* Working data
════════════════

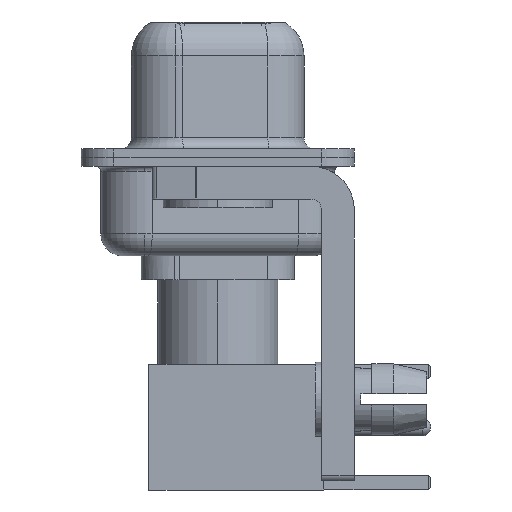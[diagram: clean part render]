
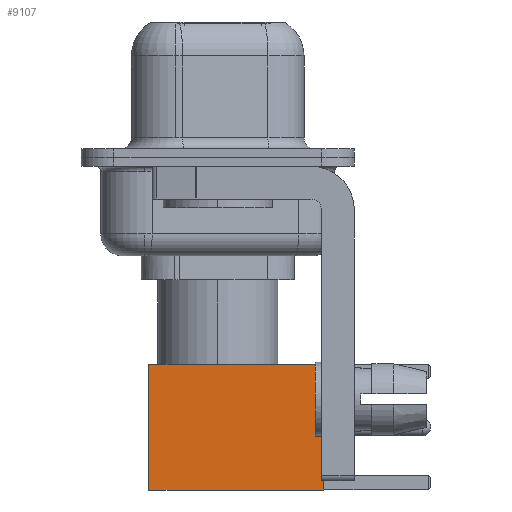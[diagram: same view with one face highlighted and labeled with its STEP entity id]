
A CAD part, left-side view. The second image highlights one B-rep face of the part: STEP entity #9107.
In plain terms, the highlighted face is planar.
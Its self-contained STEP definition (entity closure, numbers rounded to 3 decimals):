
#233 = CARTESIAN_POINT ( 'NONE',  ( -2.875, 2.875, 0. ) ) ;
#607 = VECTOR ( 'NONE', #4524, 1000. ) ;
#777 = EDGE_CURVE ( 'NONE', #12549, #14320, #9288, .T. ) ;
#975 = ORIENTED_EDGE ( 'NONE', *, *, #777, .T. ) ;
#989 = EDGE_CURVE ( 'NONE', #16206, #12549, #3589, .T. ) ;
#1322 = CARTESIAN_POINT ( 'NONE',  ( 0., 2.875, 0. ) ) ;
#1640 = VECTOR ( 'NONE', #10223, 1000. ) ;
#3291 = DIRECTION ( 'NONE',  ( 0., 1., 0. ) ) ;
#3589 = LINE ( 'NONE', #17308, #15456 ) ;
#4521 = CARTESIAN_POINT ( 'NONE',  ( -2.875, 2.875, 0. ) ) ;
#4524 = DIRECTION ( 'NONE',  ( 0., 0., -1. ) ) ;
#5271 = EDGE_CURVE ( 'NONE', #14750, #14320, #11208, .T. ) ;
#6843 = DIRECTION ( 'NONE',  ( -1., 0., 0. ) ) ;
#7101 = ORIENTED_EDGE ( 'NONE', *, *, #5271, .F. ) ;
#8011 = CARTESIAN_POINT ( 'NONE',  ( 2.875, 2.875, 0. ) ) ;
#8498 = CARTESIAN_POINT ( 'NONE',  ( 0., 2.875, 8. ) ) ;
#9107 = ADVANCED_FACE ( 'NONE', ( #14076 ), #11260, .T. ) ;
#9286 = EDGE_LOOP ( 'NONE', ( #12219, #975, #7101, #16055 ) ) ;
#9288 = LINE ( 'NONE', #1322, #17195 ) ;
#9897 = DIRECTION ( 'NONE',  ( 0., 0., 1. ) ) ;
#10223 = DIRECTION ( 'NONE',  ( -1., 0., 0. ) ) ;
#11208 = LINE ( 'NONE', #233, #607 ) ;
#11260 = PLANE ( 'NONE',  #14495 ) ;
#11587 = LINE ( 'NONE', #8498, #1640 ) ;
#11912 = DIRECTION ( 'NONE',  ( 0., 0., -1. ) ) ;
#12219 = ORIENTED_EDGE ( 'NONE', *, *, #989, .T. ) ;
#12549 = VERTEX_POINT ( 'NONE', #8011 ) ;
#12574 = CARTESIAN_POINT ( 'NONE',  ( -2.875, 2.875, 8. ) ) ;
#13998 = CARTESIAN_POINT ( 'NONE',  ( 2.875, 2.875, 8. ) ) ;
#14076 = FACE_OUTER_BOUND ( 'NONE', #9286, .T. ) ;
#14320 = VERTEX_POINT ( 'NONE', #4521 ) ;
#14495 = AXIS2_PLACEMENT_3D ( 'NONE', #16822, #3291, #9897 ) ;
#14750 = VERTEX_POINT ( 'NONE', #12574 ) ;
#15456 = VECTOR ( 'NONE', #11912, 1000. ) ;
#16055 = ORIENTED_EDGE ( 'NONE', *, *, #17167, .F. ) ;
#16206 = VERTEX_POINT ( 'NONE', #13998 ) ;
#16822 = CARTESIAN_POINT ( 'NONE',  ( 2.875, 2.875, 0. ) ) ;
#17167 = EDGE_CURVE ( 'NONE', #16206, #14750, #11587, .T. ) ;
#17195 = VECTOR ( 'NONE', #6843, 1000. ) ;
#17308 = CARTESIAN_POINT ( 'NONE',  ( 2.875, 2.875, 0. ) ) ;

════════════════

* Your goal
A verbatim copy of the material is needed; pictures are not to appear in it.

* Response to this exercise
[diagram: clean part render]
[diagram: same view with one face highlighted and labeled with its STEP entity id]
A CAD part, left-side view. The second image highlights one B-rep face of the part: STEP entity #9107.
In plain terms, the highlighted face is planar.
Its self-contained STEP definition (entity closure, numbers rounded to 3 decimals):
#233 = CARTESIAN_POINT ( 'NONE',  ( -2.875, 2.875, 0. ) ) ;
#607 = VECTOR ( 'NONE', #4524, 1000. ) ;
#777 = EDGE_CURVE ( 'NONE', #12549, #14320, #9288, .T. ) ;
#975 = ORIENTED_EDGE ( 'NONE', *, *, #777, .T. ) ;
#989 = EDGE_CURVE ( 'NONE', #16206, #12549, #3589, .T. ) ;
#1322 = CARTESIAN_POINT ( 'NONE',  ( 0., 2.875, 0. ) ) ;
#1640 = VECTOR ( 'NONE', #10223, 1000. ) ;
#3291 = DIRECTION ( 'NONE',  ( 0., 1., 0. ) ) ;
#3589 = LINE ( 'NONE', #17308, #15456 ) ;
#4521 = CARTESIAN_POINT ( 'NONE',  ( -2.875, 2.875, 0. ) ) ;
#4524 = DIRECTION ( 'NONE',  ( 0., 0., -1. ) ) ;
#5271 = EDGE_CURVE ( 'NONE', #14750, #14320, #11208, .T. ) ;
#6843 = DIRECTION ( 'NONE',  ( -1., 0., 0. ) ) ;
#7101 = ORIENTED_EDGE ( 'NONE', *, *, #5271, .F. ) ;
#8011 = CARTESIAN_POINT ( 'NONE',  ( 2.875, 2.875, 0. ) ) ;
#8498 = CARTESIAN_POINT ( 'NONE',  ( 0., 2.875, 8. ) ) ;
#9107 = ADVANCED_FACE ( 'NONE', ( #14076 ), #11260, .T. ) ;
#9286 = EDGE_LOOP ( 'NONE', ( #12219, #975, #7101, #16055 ) ) ;
#9288 = LINE ( 'NONE', #1322, #17195 ) ;
#9897 = DIRECTION ( 'NONE',  ( 0., 0., 1. ) ) ;
#10223 = DIRECTION ( 'NONE',  ( -1., 0., 0. ) ) ;
#11208 = LINE ( 'NONE', #233, #607 ) ;
#11260 = PLANE ( 'NONE',  #14495 ) ;
#11587 = LINE ( 'NONE', #8498, #1640 ) ;
#11912 = DIRECTION ( 'NONE',  ( 0., 0., -1. ) ) ;
#12219 = ORIENTED_EDGE ( 'NONE', *, *, #989, .T. ) ;
#12549 = VERTEX_POINT ( 'NONE', #8011 ) ;
#12574 = CARTESIAN_POINT ( 'NONE',  ( -2.875, 2.875, 8. ) ) ;
#13998 = CARTESIAN_POINT ( 'NONE',  ( 2.875, 2.875, 8. ) ) ;
#14076 = FACE_OUTER_BOUND ( 'NONE', #9286, .T. ) ;
#14320 = VERTEX_POINT ( 'NONE', #4521 ) ;
#14495 = AXIS2_PLACEMENT_3D ( 'NONE', #16822, #3291, #9897 ) ;
#14750 = VERTEX_POINT ( 'NONE', #12574 ) ;
#15456 = VECTOR ( 'NONE', #11912, 1000. ) ;
#16055 = ORIENTED_EDGE ( 'NONE', *, *, #17167, .F. ) ;
#16206 = VERTEX_POINT ( 'NONE', #13998 ) ;
#16822 = CARTESIAN_POINT ( 'NONE',  ( 2.875, 2.875, 0. ) ) ;
#17167 = EDGE_CURVE ( 'NONE', #16206, #14750, #11587, .T. ) ;
#17195 = VECTOR ( 'NONE', #6843, 1000. ) ;
#17308 = CARTESIAN_POINT ( 'NONE',  ( 2.875, 2.875, 0. ) ) ;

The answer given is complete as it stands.